Copy word for word, please, the lines of the entries below running from the one containing "[picture b1s1: schematic NeoPixel Stick.sch]" to the one containing "parts and their", both ends included.

• • • •

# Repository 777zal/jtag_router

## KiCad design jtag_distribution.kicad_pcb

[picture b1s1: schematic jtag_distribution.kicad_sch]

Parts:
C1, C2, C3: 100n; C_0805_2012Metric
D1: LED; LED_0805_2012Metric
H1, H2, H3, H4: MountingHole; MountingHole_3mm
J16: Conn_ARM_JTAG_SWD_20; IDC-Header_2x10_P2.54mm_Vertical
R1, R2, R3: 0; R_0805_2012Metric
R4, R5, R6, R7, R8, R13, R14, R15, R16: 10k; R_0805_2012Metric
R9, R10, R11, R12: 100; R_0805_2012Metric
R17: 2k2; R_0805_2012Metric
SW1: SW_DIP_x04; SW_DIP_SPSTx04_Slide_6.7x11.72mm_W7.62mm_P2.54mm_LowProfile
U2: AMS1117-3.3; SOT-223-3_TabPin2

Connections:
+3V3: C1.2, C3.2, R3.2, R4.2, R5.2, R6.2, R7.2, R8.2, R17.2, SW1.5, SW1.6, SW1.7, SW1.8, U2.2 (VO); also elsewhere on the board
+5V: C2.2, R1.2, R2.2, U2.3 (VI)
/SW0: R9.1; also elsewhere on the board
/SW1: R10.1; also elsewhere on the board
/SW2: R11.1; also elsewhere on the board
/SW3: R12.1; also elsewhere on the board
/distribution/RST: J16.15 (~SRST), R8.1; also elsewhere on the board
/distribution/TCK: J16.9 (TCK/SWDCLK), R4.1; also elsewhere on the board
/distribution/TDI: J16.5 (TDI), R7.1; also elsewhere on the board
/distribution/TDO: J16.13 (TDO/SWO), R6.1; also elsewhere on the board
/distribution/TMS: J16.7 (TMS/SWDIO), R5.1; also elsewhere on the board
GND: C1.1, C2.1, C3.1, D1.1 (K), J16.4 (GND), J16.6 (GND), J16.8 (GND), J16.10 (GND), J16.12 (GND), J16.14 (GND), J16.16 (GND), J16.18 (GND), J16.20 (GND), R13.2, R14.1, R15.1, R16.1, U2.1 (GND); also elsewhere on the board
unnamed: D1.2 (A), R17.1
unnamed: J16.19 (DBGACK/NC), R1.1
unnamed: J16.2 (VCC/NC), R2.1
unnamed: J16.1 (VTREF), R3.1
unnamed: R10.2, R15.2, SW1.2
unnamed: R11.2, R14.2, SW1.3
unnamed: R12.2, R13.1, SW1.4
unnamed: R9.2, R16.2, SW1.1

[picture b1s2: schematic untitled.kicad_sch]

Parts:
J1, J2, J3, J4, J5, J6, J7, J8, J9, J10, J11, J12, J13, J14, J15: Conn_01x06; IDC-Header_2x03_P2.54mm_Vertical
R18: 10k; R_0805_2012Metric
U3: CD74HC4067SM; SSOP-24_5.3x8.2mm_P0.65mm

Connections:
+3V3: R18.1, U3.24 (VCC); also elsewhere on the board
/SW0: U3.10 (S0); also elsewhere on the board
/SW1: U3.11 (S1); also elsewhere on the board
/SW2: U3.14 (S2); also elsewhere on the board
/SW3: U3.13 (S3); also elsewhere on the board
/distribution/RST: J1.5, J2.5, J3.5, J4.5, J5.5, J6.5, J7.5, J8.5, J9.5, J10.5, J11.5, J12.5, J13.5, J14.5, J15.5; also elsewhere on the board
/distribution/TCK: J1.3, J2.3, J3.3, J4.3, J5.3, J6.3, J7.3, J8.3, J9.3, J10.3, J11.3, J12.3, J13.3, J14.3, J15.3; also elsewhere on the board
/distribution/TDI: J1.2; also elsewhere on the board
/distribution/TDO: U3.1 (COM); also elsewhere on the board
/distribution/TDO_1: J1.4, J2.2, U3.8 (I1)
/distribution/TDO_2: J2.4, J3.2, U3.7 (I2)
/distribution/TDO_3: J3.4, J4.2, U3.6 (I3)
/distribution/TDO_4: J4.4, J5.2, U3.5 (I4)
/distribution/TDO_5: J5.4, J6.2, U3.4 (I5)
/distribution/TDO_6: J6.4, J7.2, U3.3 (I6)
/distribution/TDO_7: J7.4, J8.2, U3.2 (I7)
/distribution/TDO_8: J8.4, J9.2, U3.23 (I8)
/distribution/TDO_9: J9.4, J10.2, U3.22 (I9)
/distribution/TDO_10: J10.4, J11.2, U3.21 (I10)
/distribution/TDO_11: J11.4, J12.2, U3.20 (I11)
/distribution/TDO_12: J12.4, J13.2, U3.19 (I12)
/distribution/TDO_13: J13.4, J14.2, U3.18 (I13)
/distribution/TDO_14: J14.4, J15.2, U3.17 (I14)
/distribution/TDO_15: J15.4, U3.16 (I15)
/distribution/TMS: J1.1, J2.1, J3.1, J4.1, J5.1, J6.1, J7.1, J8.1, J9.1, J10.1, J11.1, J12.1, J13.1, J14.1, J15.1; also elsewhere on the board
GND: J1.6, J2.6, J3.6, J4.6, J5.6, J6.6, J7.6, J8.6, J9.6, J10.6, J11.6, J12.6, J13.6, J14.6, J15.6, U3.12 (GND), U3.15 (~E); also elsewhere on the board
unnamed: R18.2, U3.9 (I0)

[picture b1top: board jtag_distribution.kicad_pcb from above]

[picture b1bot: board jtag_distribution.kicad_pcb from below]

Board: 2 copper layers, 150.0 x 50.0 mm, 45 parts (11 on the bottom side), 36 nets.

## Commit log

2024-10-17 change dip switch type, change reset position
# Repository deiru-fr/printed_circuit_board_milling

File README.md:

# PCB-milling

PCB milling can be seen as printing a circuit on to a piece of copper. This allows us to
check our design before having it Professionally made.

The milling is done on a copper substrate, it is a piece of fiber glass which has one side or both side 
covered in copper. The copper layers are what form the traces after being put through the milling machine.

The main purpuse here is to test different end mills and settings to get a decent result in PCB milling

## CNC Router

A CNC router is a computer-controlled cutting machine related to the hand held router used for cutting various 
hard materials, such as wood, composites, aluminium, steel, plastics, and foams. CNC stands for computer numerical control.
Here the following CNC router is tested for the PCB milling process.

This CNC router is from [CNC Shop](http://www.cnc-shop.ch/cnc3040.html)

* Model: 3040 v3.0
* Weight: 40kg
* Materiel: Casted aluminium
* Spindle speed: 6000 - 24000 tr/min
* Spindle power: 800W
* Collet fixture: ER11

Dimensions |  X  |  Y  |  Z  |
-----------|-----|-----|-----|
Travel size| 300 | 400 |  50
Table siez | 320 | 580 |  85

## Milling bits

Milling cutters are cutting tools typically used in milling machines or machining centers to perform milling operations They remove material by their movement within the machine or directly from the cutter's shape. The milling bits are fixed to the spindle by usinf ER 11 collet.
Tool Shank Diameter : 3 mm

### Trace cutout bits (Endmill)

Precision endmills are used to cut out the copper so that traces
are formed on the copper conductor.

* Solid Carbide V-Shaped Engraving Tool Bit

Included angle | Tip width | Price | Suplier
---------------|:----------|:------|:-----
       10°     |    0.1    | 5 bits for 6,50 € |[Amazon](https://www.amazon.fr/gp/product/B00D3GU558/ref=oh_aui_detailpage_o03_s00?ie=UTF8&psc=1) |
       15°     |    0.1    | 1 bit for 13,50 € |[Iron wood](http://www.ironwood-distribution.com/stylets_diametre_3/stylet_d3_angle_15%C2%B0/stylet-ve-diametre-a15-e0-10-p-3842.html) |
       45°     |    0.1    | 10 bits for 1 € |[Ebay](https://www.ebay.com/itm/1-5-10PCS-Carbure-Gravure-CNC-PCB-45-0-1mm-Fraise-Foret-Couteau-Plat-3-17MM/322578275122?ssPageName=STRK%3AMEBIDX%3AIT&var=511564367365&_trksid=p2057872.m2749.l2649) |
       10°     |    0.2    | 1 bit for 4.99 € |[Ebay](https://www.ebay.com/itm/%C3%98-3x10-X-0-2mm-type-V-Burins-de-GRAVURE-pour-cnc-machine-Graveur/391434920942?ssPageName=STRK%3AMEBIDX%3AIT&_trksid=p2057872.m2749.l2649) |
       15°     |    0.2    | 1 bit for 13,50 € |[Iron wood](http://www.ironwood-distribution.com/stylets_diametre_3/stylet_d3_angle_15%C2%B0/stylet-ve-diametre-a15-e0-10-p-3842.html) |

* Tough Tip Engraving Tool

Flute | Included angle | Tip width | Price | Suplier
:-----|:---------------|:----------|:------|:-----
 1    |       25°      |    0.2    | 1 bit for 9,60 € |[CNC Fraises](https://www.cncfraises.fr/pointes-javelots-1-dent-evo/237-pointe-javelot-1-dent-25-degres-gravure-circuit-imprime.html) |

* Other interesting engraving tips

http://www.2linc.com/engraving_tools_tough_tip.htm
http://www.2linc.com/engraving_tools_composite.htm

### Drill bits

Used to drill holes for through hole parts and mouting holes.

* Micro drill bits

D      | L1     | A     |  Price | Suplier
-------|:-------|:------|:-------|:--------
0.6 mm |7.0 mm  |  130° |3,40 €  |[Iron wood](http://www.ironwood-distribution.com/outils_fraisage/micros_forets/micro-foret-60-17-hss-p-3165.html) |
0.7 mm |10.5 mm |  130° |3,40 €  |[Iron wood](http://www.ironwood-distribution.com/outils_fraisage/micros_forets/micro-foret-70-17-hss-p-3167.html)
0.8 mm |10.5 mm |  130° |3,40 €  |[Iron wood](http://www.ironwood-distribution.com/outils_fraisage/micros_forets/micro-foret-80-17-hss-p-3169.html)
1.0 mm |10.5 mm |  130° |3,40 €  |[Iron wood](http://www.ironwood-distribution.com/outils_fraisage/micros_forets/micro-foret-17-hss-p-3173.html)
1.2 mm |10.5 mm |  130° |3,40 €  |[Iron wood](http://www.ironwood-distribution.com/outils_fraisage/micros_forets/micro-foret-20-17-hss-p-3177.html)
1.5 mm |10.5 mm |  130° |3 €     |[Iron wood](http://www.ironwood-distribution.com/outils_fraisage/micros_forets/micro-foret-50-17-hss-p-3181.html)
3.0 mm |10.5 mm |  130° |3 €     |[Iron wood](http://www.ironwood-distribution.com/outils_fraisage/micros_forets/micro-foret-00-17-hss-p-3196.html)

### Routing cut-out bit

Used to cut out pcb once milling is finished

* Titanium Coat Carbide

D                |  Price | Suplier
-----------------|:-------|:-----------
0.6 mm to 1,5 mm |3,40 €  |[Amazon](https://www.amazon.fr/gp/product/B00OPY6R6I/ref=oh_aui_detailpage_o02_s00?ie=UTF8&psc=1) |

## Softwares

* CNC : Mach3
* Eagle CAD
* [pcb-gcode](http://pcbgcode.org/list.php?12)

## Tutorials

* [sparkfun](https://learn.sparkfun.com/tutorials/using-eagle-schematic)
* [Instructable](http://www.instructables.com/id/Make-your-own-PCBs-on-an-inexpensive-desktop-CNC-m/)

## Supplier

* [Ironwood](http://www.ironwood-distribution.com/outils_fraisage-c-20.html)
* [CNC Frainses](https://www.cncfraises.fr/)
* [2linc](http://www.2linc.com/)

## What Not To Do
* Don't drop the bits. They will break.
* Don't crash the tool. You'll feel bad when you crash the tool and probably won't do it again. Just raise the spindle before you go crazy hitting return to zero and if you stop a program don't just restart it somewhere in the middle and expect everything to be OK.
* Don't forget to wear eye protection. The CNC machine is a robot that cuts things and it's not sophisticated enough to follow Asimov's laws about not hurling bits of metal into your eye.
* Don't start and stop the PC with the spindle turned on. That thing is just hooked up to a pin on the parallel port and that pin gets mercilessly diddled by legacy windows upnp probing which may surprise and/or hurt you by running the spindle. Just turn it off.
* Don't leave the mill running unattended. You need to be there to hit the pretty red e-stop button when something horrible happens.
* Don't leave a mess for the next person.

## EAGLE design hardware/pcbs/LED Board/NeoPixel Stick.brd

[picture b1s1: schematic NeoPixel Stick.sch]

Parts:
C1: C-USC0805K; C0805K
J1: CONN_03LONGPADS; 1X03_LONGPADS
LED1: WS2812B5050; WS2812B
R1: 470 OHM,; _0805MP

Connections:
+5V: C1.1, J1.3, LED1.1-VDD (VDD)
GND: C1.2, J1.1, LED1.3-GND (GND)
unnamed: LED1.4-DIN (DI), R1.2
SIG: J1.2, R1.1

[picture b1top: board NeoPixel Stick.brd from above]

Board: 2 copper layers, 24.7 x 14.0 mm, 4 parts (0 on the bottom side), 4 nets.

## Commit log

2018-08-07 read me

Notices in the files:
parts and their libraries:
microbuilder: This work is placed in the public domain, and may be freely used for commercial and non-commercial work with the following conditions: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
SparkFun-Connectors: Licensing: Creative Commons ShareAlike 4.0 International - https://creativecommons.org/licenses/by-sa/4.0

• • • •

▶ **Your solution**
[picture b1s1: schematic NeoPixel Stick.sch]

Parts:
C1: C-USC0805K; C0805K
J1: CONN_03LONGPADS; 1X03_LONGPADS
LED1: WS2812B5050; WS2812B
R1: 470 OHM,; _0805MP

Connections:
+5V: C1.1, J1.3, LED1.1-VDD (VDD)
GND: C1.2, J1.1, LED1.3-GND (GND)
unnamed: LED1.4-DIN (DI), R1.2
SIG: J1.2, R1.1

[picture b1top: board NeoPixel Stick.brd from above]

Board: 2 copper layers, 24.7 x 14.0 mm, 4 parts (0 on the bottom side), 4 nets.

## Commit log

2018-08-07 read me

Notices in the files:
parts and their libraries:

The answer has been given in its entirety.